§ TASK DESCRIPTION
Each record must be written out again exactly. Skip any picture it contains.

§ INFORMATION
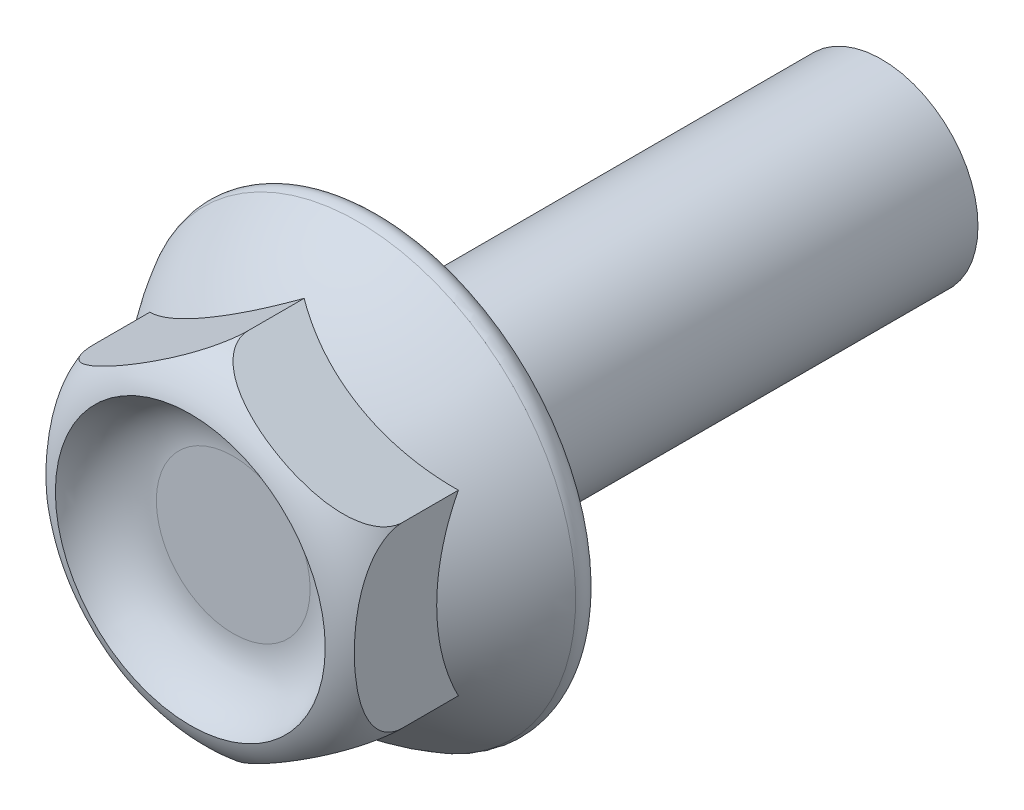
ISO-10303-21;
HEADER;
FILE_DESCRIPTION(('STEP AP214'),'2;1');
FILE_NAME('part.step','',(''),(''),'','','');
FILE_SCHEMA(('AUTOMOTIVE_DESIGN { 1 0 10303 214 1 1 1 1 }'));
ENDSEC;
DATA;
#1=APPLICATION_CONTEXT('core data for automotive mechanical design processes');
#2=APPLICATION_PROTOCOL_DEFINITION('international standard','automotive_design',2000,#1);
#3=PRODUCT_CONTEXT('',#1,'mechanical');
#4=PRODUCT('Part','Part','',(#3));
#5=PRODUCT_RELATED_PRODUCT_CATEGORY('part','',(#4));
#6=PRODUCT_DEFINITION_FORMATION('','',#4);
#7=PRODUCT_DEFINITION_CONTEXT('part definition',#1,'design');
#8=PRODUCT_DEFINITION('design','',#6,#7);
#9=PRODUCT_DEFINITION_SHAPE('','',#8);
#10=(LENGTH_UNIT() NAMED_UNIT(*) SI_UNIT(.MILLI.,.METRE.));
#11=(NAMED_UNIT(*) PLANE_ANGLE_UNIT() SI_UNIT($,.RADIAN.));
#12=(NAMED_UNIT(*) SI_UNIT($,.STERADIAN.) SOLID_ANGLE_UNIT());
#13=UNCERTAINTY_MEASURE_WITH_UNIT(LENGTH_MEASURE(1.E-05),#10,'distance_accuracy_value','');
#14=(GEOMETRIC_REPRESENTATION_CONTEXT(3) GLOBAL_UNCERTAINTY_ASSIGNED_CONTEXT((#13)) GLOBAL_UNIT_ASSIGNED_CONTEXT((#10,
#11,#12)) REPRESENTATION_CONTEXT('',''));
#15=CARTESIAN_POINT('',(0.,0.,0.));
#16=DIRECTION('',(0.,0.,1.));
#17=DIRECTION('',(1.,0.,0.));
#18=AXIS2_PLACEMENT_3D('',#15,#16,#17);
#19=CARTESIAN_POINT('',(0.,5.86587873496659,6.35));
#20=DIRECTION('',(0.500000000000001,0.866025403784438,0.));
#21=DIRECTION('',(-0.866025403784438,0.500000000000001,0.));
#22=AXIS2_PLACEMENT_3D('',#19,#20,#21);
#23=PLANE('',#22);
#24=DIRECTION('',(0.,0.,-1.));
#25=VECTOR('',#24,1.);
#26=CARTESIAN_POINT('',(0.,5.86587873496659,6.35));
#27=LINE('',#26,#25);
#28=CARTESIAN_POINT('',(0.,5.86587873496659,4.35));
#29=VERTEX_POINT('',#28);
#30=CARTESIAN_POINT('',(0.,5.86587873496659,2.51392725610466));
#31=VERTEX_POINT('',#30);
#32=EDGE_CURVE('E55',#29,#31,#27,.T.);
#33=ORIENTED_EDGE('',*,*,#32,.F.);
#34=CARTESIAN_POINT('',(1.73205119371237E-08,5.8658787249666,4.3498));
#35=CARTESIAN_POINT('',(-8.8332409814021E-06,5.86588383484065,4.37921735965277));
#36=CARTESIAN_POINT('',(0.00111489781830148,5.86523504841107,4.40861944868109));
#37=CARTESIAN_POINT('',(0.00558293377875098,5.86265542664656,4.46718078982089));
#38=CARTESIAN_POINT('',(0.00892592825202911,5.86072534788751,4.49634017496175));
#39=CARTESIAN_POINT('',(0.0221503107941925,5.85309024706693,4.58273944081772));
#40=CARTESIAN_POINT('',(0.0352285829072238,5.84553950314193,4.63936235222589));
#41=CARTESIAN_POINT('',(0.069022324886228,5.82602867711343,4.74927598053388));
#42=CARTESIAN_POINT('',(0.0897222004156251,5.81407759840434,4.80257324334787));
#43=CARTESIAN_POINT('',(0.137620523637703,5.78642348859834,4.9051880333948));
#44=CARTESIAN_POINT('',(0.164830697141963,5.77071368760096,4.95449816242364));
#45=CARTESIAN_POINT('',(0.239507067617073,5.72759926500505,5.07221484281395));
#46=CARTESIAN_POINT('',(0.290292388570505,5.69827834628171,5.13781456561909));
#47=CARTESIAN_POINT('',(0.400235584140341,5.6348026127239,5.25884259644683));
#48=CARTESIAN_POINT('',(0.459412108573482,5.60063703041271,5.3142475984221));
#49=CARTESIAN_POINT('',(0.618171503908423,5.5089772507797,5.44406160729553));
#50=CARTESIAN_POINT('',(0.721838162918047,5.44912527729451,5.51176114370447));
#51=CARTESIAN_POINT('',(0.936619233993736,5.32512136809212,5.62852759447626));
#52=CARTESIAN_POINT('',(1.04774787285762,5.26096121852938,5.67755765515471));
#53=CARTESIAN_POINT('',(1.26675794761726,5.13451569291166,5.75809401771096));
#54=CARTESIAN_POINT('',(1.37439290383616,5.07237262196447,5.79052010797972));
#55=CARTESIAN_POINT('',(1.59169629684474,4.94691244951515,5.84478770919572));
#56=CARTESIAN_POINT('',(1.70136658982473,4.88359427634104,5.8666190101469));
#57=CARTESIAN_POINT('',(1.92225717724184,4.75606303623432,5.90147382211741));
#58=CARTESIAN_POINT('',(2.03348237581865,4.69184713789533,5.91445471648294));
#59=CARTESIAN_POINT('',(2.25635349466679,4.56317243743376,5.93251260991884));
#60=CARTESIAN_POINT('',(2.36799923384862,4.49871373986326,5.93759269094453));
#61=CARTESIAN_POINT('',(2.60551753956472,4.36158248212061,5.94047120308278));
#62=CARTESIAN_POINT('',(2.73139985349996,4.28890429428388,5.93726516120935));
#63=CARTESIAN_POINT('',(2.98279387964846,4.14376188561438,5.9210478616658));
#64=CARTESIAN_POINT('',(3.10830528013154,4.07129784475911,5.90802991057953));
#65=CARTESIAN_POINT('',(3.35727136280954,3.92755720990588,5.87091883959326));
#66=CARTESIAN_POINT('',(3.48073419812838,3.85627590869963,5.84690072877571));
#67=CARTESIAN_POINT('',(3.72504839958597,3.71522103872124,5.78543143579168));
#68=CARTESIAN_POINT('',(3.84590368481327,3.64544520726227,5.74800215477668));
#69=CARTESIAN_POINT('',(4.04367664608343,3.53126093483451,5.67132288322251));
#70=CARTESIAN_POINT('',(4.12194187341124,3.48607448476861,5.63674290108095));
#71=CARTESIAN_POINT('',(4.27517213493171,3.39760695203177,5.55854944732659));
#72=CARTESIAN_POINT('',(4.3501340591906,3.35432766488193,5.51492767460828));
#73=CARTESIAN_POINT('',(4.49546818484468,3.27041896831311,5.41675845997038));
#74=CARTESIAN_POINT('',(4.56579441950804,3.22981609779912,5.36211864222592));
#75=CARTESIAN_POINT('',(4.69816688001565,3.15339082209176,5.24071561558516));
#76=CARTESIAN_POINT('',(4.76022923926691,3.11755910227151,5.17397664787848));
#77=CARTESIAN_POINT('',(4.85461371573109,3.06306619937759,5.05034498953979));
#78=CARTESIAN_POINT('',(4.89019869719668,3.04252120074932,4.99678608914583));
#79=CARTESIAN_POINT('',(4.95365430110938,3.00588509074874,4.8838301073324));
#80=CARTESIAN_POINT('',(4.98153101035409,2.98979046516218,4.82443768284238));
#81=CARTESIAN_POINT('',(5.02475483276112,2.96483517966007,4.70876570874048));
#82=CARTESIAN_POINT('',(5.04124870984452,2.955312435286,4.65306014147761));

§ EXERCISE SOLUTION
ISO-10303-21;
HEADER;
FILE_DESCRIPTION(('STEP AP214'),'2;1');
FILE_NAME('part.step','',(''),(''),'','','');
FILE_SCHEMA(('AUTOMOTIVE_DESIGN { 1 0 10303 214 1 1 1 1 }'));
ENDSEC;
DATA;
#1=APPLICATION_CONTEXT('core data for automotive mechanical design processes');
#2=APPLICATION_PROTOCOL_DEFINITION('international standard','automotive_design',2000,#1);
#3=PRODUCT_CONTEXT('',#1,'mechanical');
#4=PRODUCT('Part','Part','',(#3));
#5=PRODUCT_RELATED_PRODUCT_CATEGORY('part','',(#4));
#6=PRODUCT_DEFINITION_FORMATION('','',#4);
#7=PRODUCT_DEFINITION_CONTEXT('part definition',#1,'design');
#8=PRODUCT_DEFINITION('design','',#6,#7);
#9=PRODUCT_DEFINITION_SHAPE('','',#8);
#10=(LENGTH_UNIT() NAMED_UNIT(*) SI_UNIT(.MILLI.,.METRE.));
#11=(NAMED_UNIT(*) PLANE_ANGLE_UNIT() SI_UNIT($,.RADIAN.));
#12=(NAMED_UNIT(*) SI_UNIT($,.STERADIAN.) SOLID_ANGLE_UNIT());
#13=UNCERTAINTY_MEASURE_WITH_UNIT(LENGTH_MEASURE(1.E-05),#10,'distance_accuracy_value','');
#14=(GEOMETRIC_REPRESENTATION_CONTEXT(3) GLOBAL_UNCERTAINTY_ASSIGNED_CONTEXT((#13)) GLOBAL_UNIT_ASSIGNED_CONTEXT((#10,
#11,#12)) REPRESENTATION_CONTEXT('',''));
#15=CARTESIAN_POINT('',(0.,0.,0.));
#16=DIRECTION('',(0.,0.,1.));
#17=DIRECTION('',(1.,0.,0.));
#18=AXIS2_PLACEMENT_3D('',#15,#16,#17);
#19=CARTESIAN_POINT('',(0.,5.86587873496659,6.35));
#20=DIRECTION('',(0.500000000000001,0.866025403784438,0.));
#21=DIRECTION('',(-0.866025403784438,0.500000000000001,0.));
#22=AXIS2_PLACEMENT_3D('',#19,#20,#21);
#23=PLANE('',#22);
#24=DIRECTION('',(0.,0.,-1.));
#25=VECTOR('',#24,1.);
#26=CARTESIAN_POINT('',(0.,5.86587873496659,6.35));
#27=LINE('',#26,#25);
#28=CARTESIAN_POINT('',(0.,5.86587873496659,4.35));
#29=VERTEX_POINT('',#28);
#30=CARTESIAN_POINT('',(0.,5.86587873496659,2.51392725610466));
#31=VERTEX_POINT('',#30);
#32=EDGE_CURVE('E55',#29,#31,#27,.T.);
#33=ORIENTED_EDGE('',*,*,#32,.F.);
#34=CARTESIAN_POINT('',(1.73205119371237E-08,5.8658787249666,4.3498));
#35=CARTESIAN_POINT('',(-8.8332409814021E-06,5.86588383484065,4.37921735965277));
#36=CARTESIAN_POINT('',(0.00111489781830148,5.86523504841107,4.40861944868109));
#37=CARTESIAN_POINT('',(0.00558293377875098,5.86265542664656,4.46718078982089));
#38=CARTESIAN_POINT('',(0.00892592825202911,5.86072534788751,4.49634017496175));
#39=CARTESIAN_POINT('',(0.0221503107941925,5.85309024706693,4.58273944081772));
#40=CARTESIAN_POINT('',(0.0352285829072238,5.84553950314193,4.63936235222589));
#41=CARTESIAN_POINT('',(0.069022324886228,5.82602867711343,4.74927598053388));
#42=CARTESIAN_POINT('',(0.0897222004156251,5.81407759840434,4.80257324334787));
#43=CARTESIAN_POINT('',(0.137620523637703,5.78642348859834,4.9051880333948));
#44=CARTESIAN_POINT('',(0.164830697141963,5.77071368760096,4.95449816242364));
#45=CARTESIAN_POINT('',(0.239507067617073,5.72759926500505,5.07221484281395));
#46=CARTESIAN_POINT('',(0.290292388570505,5.69827834628171,5.13781456561909));
#47=CARTESIAN_POINT('',(0.400235584140341,5.6348026127239,5.25884259644683));
#48=CARTESIAN_POINT('',(0.459412108573482,5.60063703041271,5.3142475984221));
#49=CARTESIAN_POINT('',(0.618171503908423,5.5089772507797,5.44406160729553));
#50=CARTESIAN_POINT('',(0.721838162918047,5.44912527729451,5.51176114370447));
#51=CARTESIAN_POINT('',(0.936619233993736,5.32512136809212,5.62852759447626));
#52=CARTESIAN_POINT('',(1.04774787285762,5.26096121852938,5.67755765515471));
#53=CARTESIAN_POINT('',(1.26675794761726,5.13451569291166,5.75809401771096));
#54=CARTESIAN_POINT('',(1.37439290383616,5.07237262196447,5.79052010797972));
#55=CARTESIAN_POINT('',(1.59169629684474,4.94691244951515,5.84478770919572));
#56=CARTESIAN_POINT('',(1.70136658982473,4.88359427634104,5.8666190101469));
#57=CARTESIAN_POINT('',(1.92225717724184,4.75606303623432,5.90147382211741));
#58=CARTESIAN_POINT('',(2.03348237581865,4.69184713789533,5.91445471648294));
#59=CARTESIAN_POINT('',(2.25635349466679,4.56317243743376,5.93251260991884));
#60=CARTESIAN_POINT('',(2.36799923384862,4.49871373986326,5.93759269094453));
#61=CARTESIAN_POINT('',(2.60551753956472,4.36158248212061,5.94047120308278));
#62=CARTESIAN_POINT('',(2.73139985349996,4.28890429428388,5.93726516120935));
#63=CARTESIAN_POINT('',(2.98279387964846,4.14376188561438,5.9210478616658));
#64=CARTESIAN_POINT('',(3.10830528013154,4.07129784475911,5.90802991057953));
#65=CARTESIAN_POINT('',(3.35727136280954,3.92755720990588,5.87091883959326));
#66=CARTESIAN_POINT('',(3.48073419812838,3.85627590869963,5.84690072877571));
#67=CARTESIAN_POINT('',(3.72504839958597,3.71522103872124,5.78543143579168));
#68=CARTESIAN_POINT('',(3.84590368481327,3.64544520726227,5.74800215477668));
#69=CARTESIAN_POINT('',(4.04367664608343,3.53126093483451,5.67132288322251));
#70=CARTESIAN_POINT('',(4.12194187341124,3.48607448476861,5.63674290108095));
#71=CARTESIAN_POINT('',(4.27517213493171,3.39760695203177,5.55854944732659));
#72=CARTESIAN_POINT('',(4.3501340591906,3.35432766488193,5.51492767460828));
#73=CARTESIAN_POINT('',(4.49546818484468,3.27041896831311,5.41675845997038));
#74=CARTESIAN_POINT('',(4.56579441950804,3.22981609779912,5.36211864222592));
#75=CARTESIAN_POINT('',(4.69816688001565,3.15339082209176,5.24071561558516));
#76=CARTESIAN_POINT('',(4.76022923926691,3.11755910227151,5.17397664787848));
#77=CARTESIAN_POINT('',(4.85461371573109,3.06306619937759,5.05034498953979));
#78=CARTESIAN_POINT('',(4.89019869719668,3.04252120074932,4.99678608914583));
#79=CARTESIAN_POINT('',(4.95365430110938,3.00588509074874,4.8838301073324));
#80=CARTESIAN_POINT('',(4.98153101035409,2.98979046516218,4.82443768284238));
#81=CARTESIAN_POINT('',(5.02475483276112,2.96483517966007,4.70876570874048));
#82=CARTESIAN_POINT('',(5.04124870984452,2.955312435286,4.65306014147761));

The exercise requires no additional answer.